Report each line of the listing below that holds "against".
┄┄┄┄┄┄
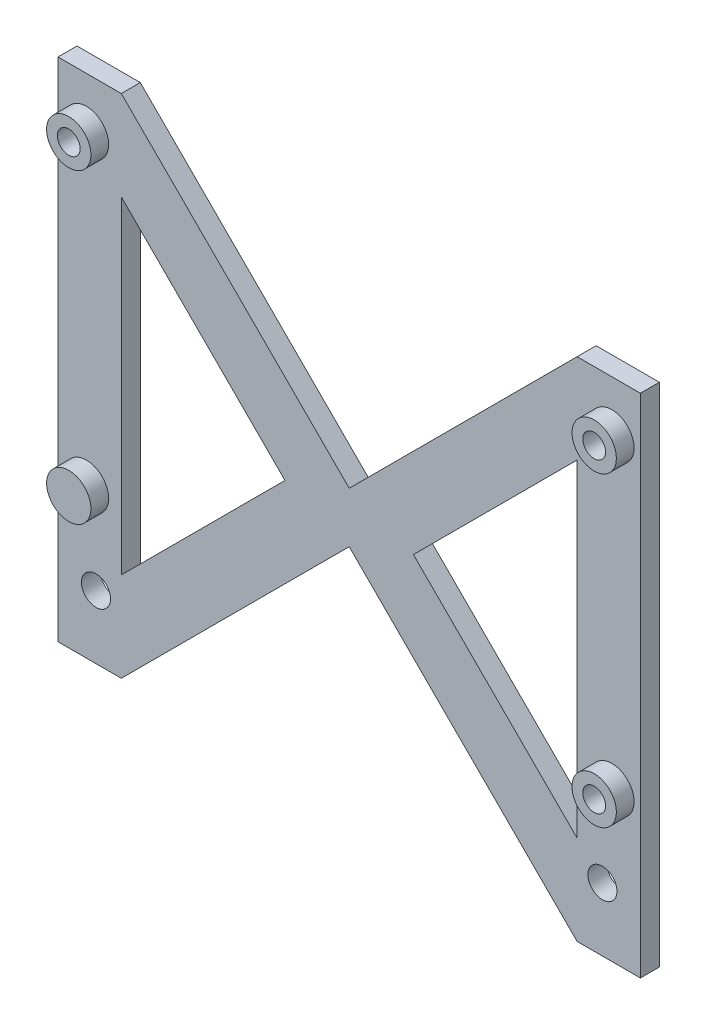
SolidWorks part; units mm, degrees
material "ABS"
ref_plane "Front Plane" through (0, 0, 0) normal (0, 0, 1) x (1, 0, 0)
ref_plane "Top Plane" through (0, 0, 0) normal (0, 1, 0) x (1, 0, 0)
ref_plane "Right Plane" through (0, 0, 0) normal (1, 0, 0) x (0, 0, -1)
sketch "Sketch1" plane through (0, 0, 0) normal (0, 0, 1) x (1, 0, 0)
  line L1 (-46, -40) -> (46, -40)
  line L2 (-46, -40) -> (-46, 40)
  line L3 (-46, 40) -> (46, 40)
  line L4 (46, -40) -> (46, 40)
  line L5 (-46, -40) -> (46, 40) construction
  line L6 (-46, 40) -> (46, -40) construction
  point P0 (0, 0)
  dimension "D1" = 92
  dimension "D2" = 80
extrude "Boss-Extrude1" add sketch "Sketch1" along normal blind 3
sketch "Sketch2" plane through (0, 0, 3) normal (0, 0, 1) x (1, 0, 0)
  line L0 (-36, 40) -> (0, 4)
  line L1 (46, 40) -> (-46, 40) construction
  line L2 (0, 4) -> (36, 40)
  line L3 (36, 40) -> (-36, 40)
  line L4 (-36, 25.8579) -> (-36, -25.8579)
  line L5 (-36, -25.8579) -> (-10.1421, 0)
  line L6 (-10.1421, 0) -> (-36, 25.8579)
  line L7 (-46, 40) -> (-46, -40) construction
  line L8 (46, -40) -> (46, 40) construction
  line L9 (-36, -40) -> (0, -4)
  line L10 (-46, -40) -> (46, -40) construction
  line L11 (0, -4) -> (36, -40)
  line L12 (36, -40) -> (-36, -40)
  line L14 (36, 25.8579) -> (36, -25.8579)
  line L15 (36, -25.8579) -> (10.1421, 0)
  line L16 (10.1421, 0) -> (36, 25.8579)
  dimension "D1" = 10
  dimension "D2" = 10
  dimension "D3" = 10
  dimension "D4" = 10
  dimension "D5" = 10
  dimension "D6" = 10
  dimension "D7" = 10
  dimension "D8" = 10
extrude "Cut-Extrude1" cut sketch "Sketch2" against normal through all
sketch "Sketch3" plane through (0, 0, 3) normal (0, 0, 1) x (1, 0, 0)
  line L0 (-46, 40) -> (-46, -40) construction
  line L1 (46, -40) -> (46, 40) construction
  line L2 (-36, 40) -> (-46, 40) construction
  circle A0 centre (-41.5, 32) radius 3.5
  circle A1 centre (-41.5, -16.4) radius 3.5
  circle A2 centre (41.5, -16.4) radius 3.5
  circle A3 centre (41.5, 32) radius 3.5
  dimension "D1" = 7
  dimension "D2" = 4.5
  dimension "D3" = 4.5
  dimension "D4" = 8
  dimension "D5" = 48.4
extrude "Boss-Extrude2" add sketch "Sketch3" along normal blind 2.8
sketch "Sketch4" plane through (0, 0, 5.8) normal (0, 0, 1) x (1, 0, 0)
  circle A0 centre (-41.5, 32) radius 1.8
  circle A1 centre (41.5, 32) radius 1.8
  circle A2 centre (41.5, -16.4) radius 1.8
  dimension "D1" = 3.6
extrude "Cut-Extrude2" cut sketch "Sketch4" against normal through all
sketch "Sketch5" plane through (0, 0, 3) normal (0, 0, 1) x (1, 0, 0)
  line L0 (-46, 40) -> (-46, -40) construction
  line L1 (-46, -40) -> (-36, -40) construction
  line L2 (46, -40) -> (46, 40) construction
  circle A0 centre (-40, -30) radius 2.3
  circle A1 centre (40, -30) radius 2.3
  dimension "D1" = 4.6
  dimension "D2" = 6
  dimension "D3" = 10
  dimension "D4" = 6
extrude "Cut-Extrude3" cut sketch "Sketch5" against normal through all
┄┄┄┄┄┄
* **TASK RESULT**
extrude "Cut-Extrude1" cut sketch "Sketch2" against normal through all
extrude "Cut-Extrude2" cut sketch "Sketch4" against normal through all
extrude "Cut-Extrude3" cut sketch "Sketch5" against normal through all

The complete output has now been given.